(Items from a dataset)
== Segment start ==
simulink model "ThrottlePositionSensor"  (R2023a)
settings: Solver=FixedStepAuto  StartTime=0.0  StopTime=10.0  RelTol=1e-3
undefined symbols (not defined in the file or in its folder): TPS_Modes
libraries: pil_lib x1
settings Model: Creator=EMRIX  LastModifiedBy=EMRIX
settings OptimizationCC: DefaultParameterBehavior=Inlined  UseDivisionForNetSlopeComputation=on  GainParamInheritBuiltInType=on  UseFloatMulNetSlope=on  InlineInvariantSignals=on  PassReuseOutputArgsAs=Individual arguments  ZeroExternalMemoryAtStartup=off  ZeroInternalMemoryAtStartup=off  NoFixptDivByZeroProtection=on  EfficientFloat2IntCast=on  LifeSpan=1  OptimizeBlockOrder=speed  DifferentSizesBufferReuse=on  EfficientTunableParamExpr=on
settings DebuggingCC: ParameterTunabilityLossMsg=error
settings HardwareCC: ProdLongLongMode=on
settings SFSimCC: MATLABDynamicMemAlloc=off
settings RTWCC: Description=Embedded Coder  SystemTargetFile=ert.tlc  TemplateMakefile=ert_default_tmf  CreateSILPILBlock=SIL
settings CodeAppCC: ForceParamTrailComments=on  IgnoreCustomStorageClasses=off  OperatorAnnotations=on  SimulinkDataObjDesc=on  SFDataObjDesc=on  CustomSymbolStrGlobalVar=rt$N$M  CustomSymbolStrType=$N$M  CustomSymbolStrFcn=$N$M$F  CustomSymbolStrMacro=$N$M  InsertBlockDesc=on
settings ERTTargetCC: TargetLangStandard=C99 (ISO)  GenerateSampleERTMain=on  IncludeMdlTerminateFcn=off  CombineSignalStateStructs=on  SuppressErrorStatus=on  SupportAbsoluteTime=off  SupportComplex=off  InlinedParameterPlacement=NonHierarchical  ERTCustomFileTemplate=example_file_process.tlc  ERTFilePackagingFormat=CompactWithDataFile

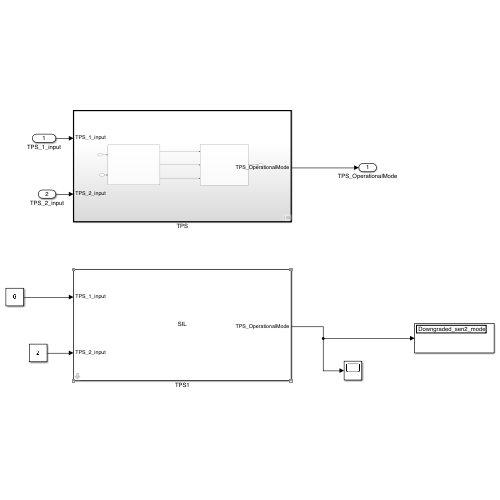
[thumbnail: Simulink's stored preview of the top-level diagram]
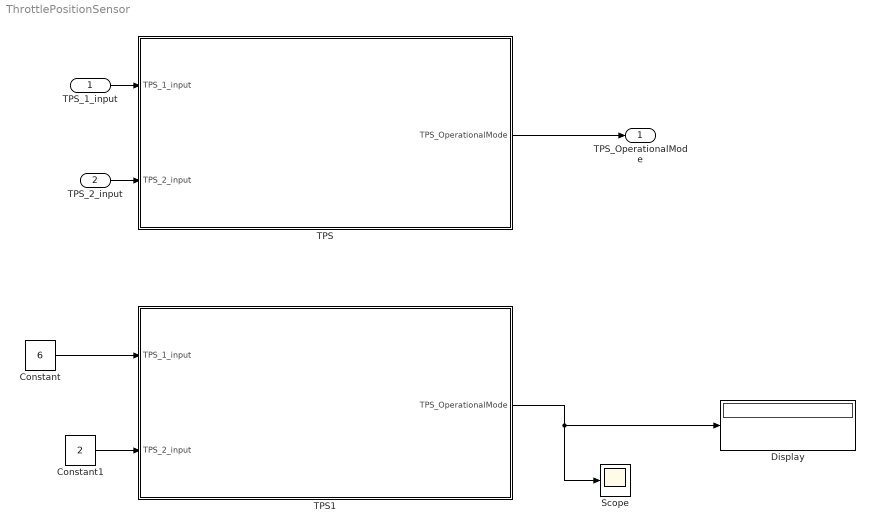
== system ThrottlePositionSensor ==
  TPS_1_input : Inport
  TPS_2_input : Inport  Port=2
  Constant : Constant  Value=6  OutDataTypeStr=Inherit: Inherit via back propagation
  Constant1 : Constant  Value=2  OutDataTypeStr=Inherit: Inherit via back propagation
  Display : Display
  Scope : Scope
  TPS : Subsystem  TreatAsAtomicUnit=on
  TPS1 : Subsystem  Tag=__SL_testing_harness_stub_  DialogController=pil_create_dialog  LoadFcn=|
      | try
      |    if ~strcmp(rtw.pil.getPILVersion, '9.14 (R2023a)_15')
      |       set_param(gcb, 'DialogController', '');
      |       set_param(gcb, 'DialogControllerArgs', '');
      |    end
      | catch e
      |       set_param(gcb, 'DialogController', '');
      |       set_param(gcb, 'DialogControllerArgs', '');
      | end
      mask help: PIL:pil:XILBlockMaskDesc
      mask Display: disp('SIL');
  TPS_OperationalMode : Outport
  wires:
  TPS/1(TPS_OperationalMode) -> TPS_OperationalMode/1
  TPS_2_input/1 -> TPS/2(TPS_2_input)
  TPS_1_input/1 -> TPS/1(TPS_1_input)
  Constant1/1 -> TPS1/2(TPS_2_input)
  Constant/1 -> TPS1/1(TPS_1_input)
  TPS1/1(TPS_OperationalMode) -> Scope/1, Display/1

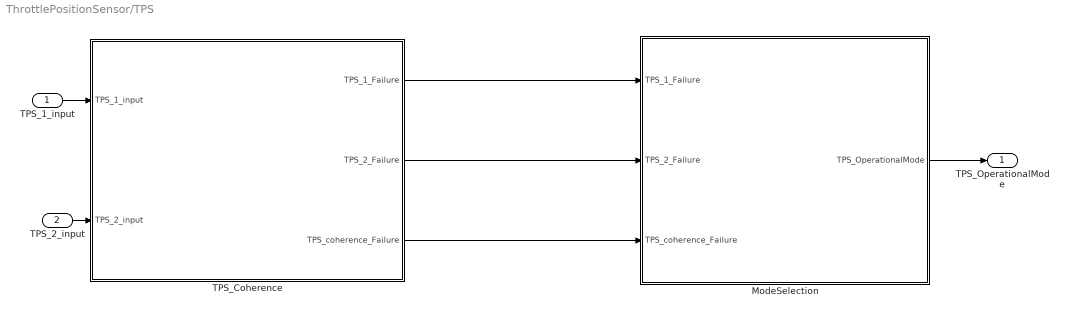
== system ThrottlePositionSensor/TPS ==
  TPS_1_input : Inport  OutDataTypeStr=single
  TPS_2_input : Inport  Port=2  OutDataTypeStr=single
  ModeSelection : Subsystem
  TPS_Coherence : Subsystem
      mask DialogControl TPS_Coherence Prompt: Parameters
  TPS_OperationalMode : Outport
  wires:
  TPS_2_input/1 -> TPS_Coherence/2(TPS_2_input)
  TPS_1_input/1 -> TPS_Coherence/1(TPS_1_input)
  ModeSelection/1(TPS_OperationalMode) -> TPS_OperationalMode/1
  TPS_Coherence/1(TPS_1_Failure) -> ModeSelection/1(TPS_1_Failure)
  TPS_Coherence/2(TPS_2_Failure) -> ModeSelection/2(TPS_2_Failure)
  TPS_Coherence/3(TPS_coherence_Failure) -> ModeSelection/3(TPS_coherence_Failure)

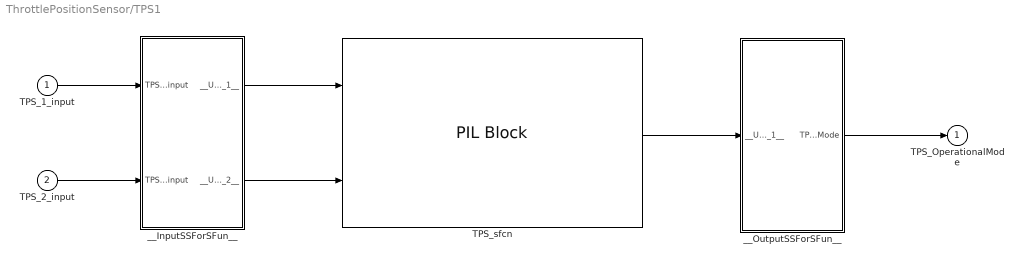
== system ThrottlePositionSensor/TPS1 ==
  TPS_1_input : Inport  OutDataTypeStr=single
  TPS_2_input : Inport  Port=2  OutDataTypeStr=single
  TPS_sfcn : pil_lib/PIL Block  SimulationMode=SIL  IsTopModelPIL=off  CodeDir=TPS_ert_rtw  AnchorDir=F:\XELLED\OS-Academy MBD\Labs\SimuLink Labs\System_Modelling_Module\TPS  ConfigName=Software-in-the-Loop (SIL)  XrelIsTopModelCode=on  XrelIsReusable=off  XrelDWorkNames={}  XrelDWorkTypes={}  XrelModelArgVals={}  XrelOrderedParamNames={}
  __InputSSForSFun__ : Subsystem
  __OutputSSForSFun__ : Subsystem
  TPS_OperationalMode : Outport
  wires:
  __OutputSSForSFun__/1(TPS_OperationalMode) -> TPS_OperationalMode/1
  TPS_sfcn/1 -> __OutputSSForSFun__/1(__UniqueInportName__1__)
  __InputSSForSFun__/2(__UniqueOutportName__2__) -> TPS_sfcn/2
  __InputSSForSFun__/1(__UniqueOutportName__1__) -> TPS_sfcn/1
  TPS_2_input/1 -> __InputSSForSFun__/2(TPS_2_input)
  TPS_1_input/1 -> __InputSSForSFun__/1(TPS_1_input)

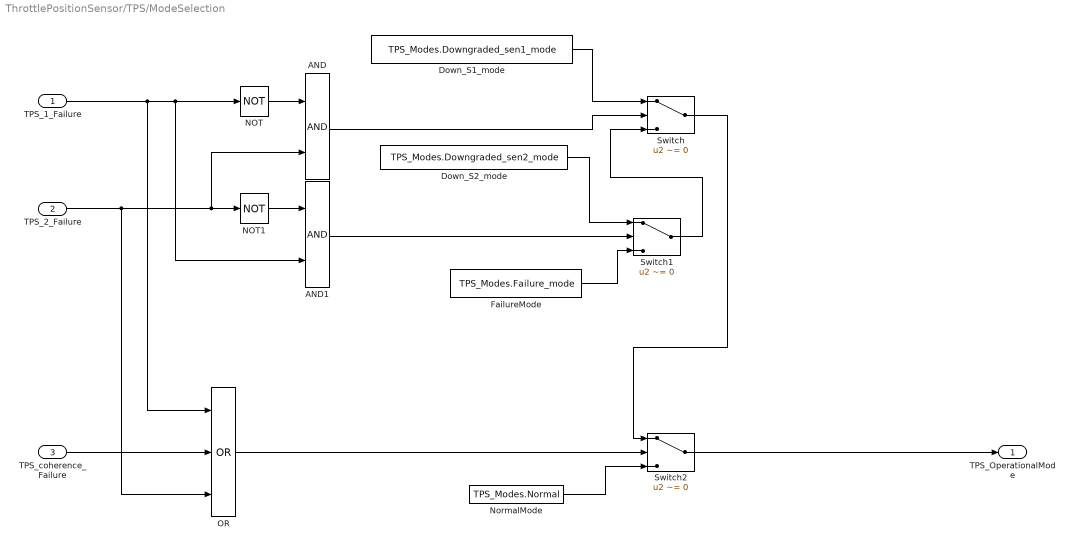
== system ThrottlePositionSensor/TPS/ModeSelection ==
  TPS_1_Failure : Inport  OutDataTypeStr=boolean
  TPS_2_Failure : Inport  Port=2  OutDataTypeStr=boolean
  TPS_coherence_Failure : Inport  Port=3  OutDataTypeStr=boolean
  AND : Logic  AllPortsSameDT=off  OutDataTypeStr=boolean
  AND1 : Logic  AllPortsSameDT=off  OutDataTypeStr=boolean
  Down_S1_mode : Constant  Value=TPS_Modes.Downgraded_sen1_mode
  Down_S2_mode : Constant  Value=TPS_Modes.Downgraded_sen2_mode
  FailureMode : Constant  Value=TPS_Modes.Failure_mode
  NOT : Logic  Operator=NOT  AllPortsSameDT=off  OutDataTypeStr=boolean
  NOT1 : Logic  Operator=NOT  AllPortsSameDT=off  OutDataTypeStr=boolean
  NormalMode : Constant  Value=TPS_Modes.Normal
  OR : Logic  Operator=OR  Inputs=3  AllPortsSameDT=off  OutDataTypeStr=boolean
  Switch : Switch  Criteria=u2 ~= 0  SaturateOnIntegerOverflow=off  InputSameDT=off
  Switch1 : Switch  Criteria=u2 ~= 0  SaturateOnIntegerOverflow=off  InputSameDT=off
  Switch2 : Switch  Criteria=u2 ~= 0  SaturateOnIntegerOverflow=off  InputSameDT=off
  TPS_OperationalMode : Outport
  wires:
  NOT/1 -> AND/1
  AND/1 -> Switch/2
  TPS_1_Failure/1 -> OR/1, NOT/1, AND1/2
  AND1/1 -> Switch1/2
  TPS_2_Failure/1 -> OR/3, AND/2, NOT1/1
  NOT1/1 -> AND1/1
  Down_S1_mode/1 -> Switch/1
  Switch1/1 -> Switch/3
  Down_S2_mode/1 -> Switch1/1
  Switch/1 -> Switch2/1
  NormalMode/1 -> Switch2/3
  FailureMode/1 -> Switch1/3
  Switch2/1 -> TPS_OperationalMode/1
  TPS_coherence_Failure/1 -> OR/2
  OR/1 -> Switch2/2

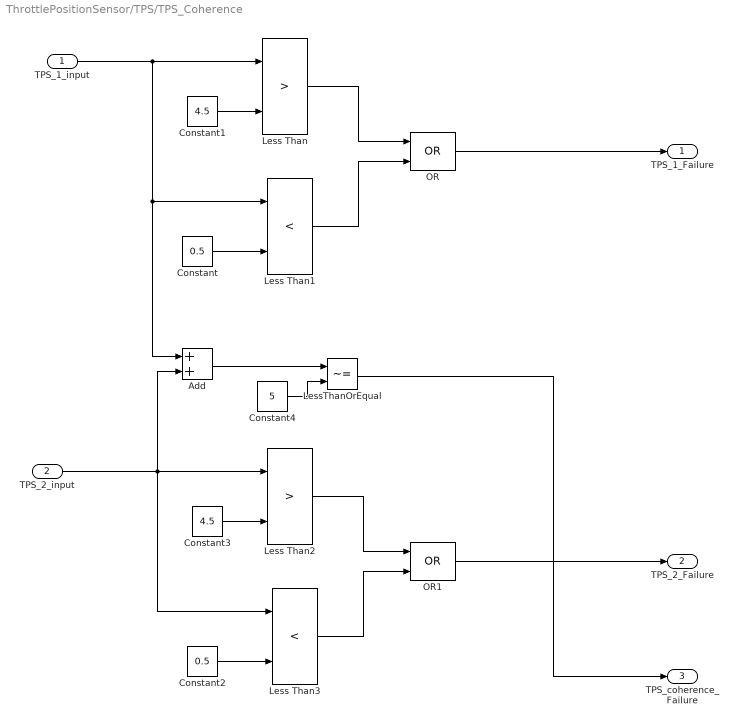
== system ThrottlePositionSensor/TPS/TPS_Coherence ==
  TPS_1_input : Inport  OutDataTypeStr=single
  TPS_2_input : Inport  Port=2  OutDataTypeStr=single
  Add : Sum
  Constant : Constant  Value=0.5
  Constant1 : Constant  Value=4.5
  Constant2 : Constant  Value=0.5
  Constant3 : Constant  Value=4.5
  Constant4 : Constant  Value=5
  Less Than : RelationalOperator  Operator=>  OutDataTypeStr=boolean  RndMeth=Simplest  InputSameDT=off
  Less Than1 : RelationalOperator  Operator=<  OutDataTypeStr=boolean  RndMeth=Simplest  InputSameDT=off
  Less Than2 : RelationalOperator  Operator=>  OutDataTypeStr=boolean  RndMeth=Simplest  InputSameDT=off
  Less Than3 : RelationalOperator  Operator=<  OutDataTypeStr=boolean  RndMeth=Simplest  InputSameDT=off
  LessThanOrEqual : RelationalOperator  Operator=~=  OutDataTypeStr=boolean  RndMeth=Simplest  InputSameDT=off
  OR : Logic  Operator=OR  IconShape=distinctive  AllPortsSameDT=off  OutDataTypeStr=boolean
  OR1 : Logic  Operator=OR  IconShape=distinctive  AllPortsSameDT=off  OutDataTypeStr=boolean
  TPS_1_Failure : Outport  OutDataTypeStr=boolean
  TPS_2_Failure : Outport  Port=2  OutDataTypeStr=boolean
  TPS_coherence_Failure : Outport  Port=3  OutDataTypeStr=boolean
  wires:
  TPS_1_input/1 -> Add/1, Less Than1/1, Less Than/1
  Constant3/1 -> Less Than2/2
  Less Than1/1 -> OR/2
  Constant1/1 -> Less Than/2
  OR/1 -> TPS_1_Failure/1
  Constant/1 -> Less Than1/2
  Constant4/1 -> LessThanOrEqual/2
  Less Than/1 -> OR/1
  TPS_2_input/1 -> Less Than3/1, Add/2, Less Than2/1
  Less Than3/1 -> OR1/2
  Add/1 -> LessThanOrEqual/1
  Less Than2/1 -> OR1/1
  LessThanOrEqual/1 -> TPS_coherence_Failure/1
  OR1/1 -> TPS_2_Failure/1
  Constant2/1 -> Less Than3/2

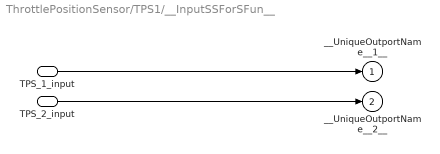
== system ThrottlePositionSensor/TPS1/__InputSSForSFun__ ==
  TPS_1_input : Inport  OutDataTypeStr=single
  TPS_2_input : Inport  Port=2  OutDataTypeStr=single
  __UniqueOutportName__1__ : Outport
  __UniqueOutportName__2__ : Outport  Port=2
  wires:
  TPS_2_input/1 -> __UniqueOutportName__2__/1
  TPS_1_input/1 -> __UniqueOutportName__1__/1

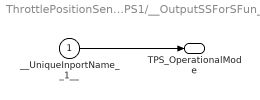
== system ThrottlePositionSensor/TPS1/__OutputSSForSFun__ ==
  __UniqueInportName__1__ : Inport
  TPS_OperationalMode : Outport
  wires:
  __UniqueInportName__1__/1 -> TPS_OperationalMode/1
== Segment end ==
*Exercise aim*. The required output is each line of the entries that contains the word "RelationalOperator".

*Answer box*.
  Less Than : RelationalOperator  Operator=>  OutDataTypeStr=boolean  RndMeth=Simplest  InputSameDT=off
  Less Than1 : RelationalOperator  Operator=<  OutDataTypeStr=boolean  RndMeth=Simplest  InputSameDT=off
  Less Than2 : RelationalOperator  Operator=>  OutDataTypeStr=boolean  RndMeth=Simplest  InputSameDT=off
  Less Than3 : RelationalOperator  Operator=<  OutDataTypeStr=boolean  RndMeth=Simplest  InputSameDT=off
  LessThanOrEqual : RelationalOperator  Operator=~=  OutDataTypeStr=boolean  RndMeth=Simplest  InputSameDT=off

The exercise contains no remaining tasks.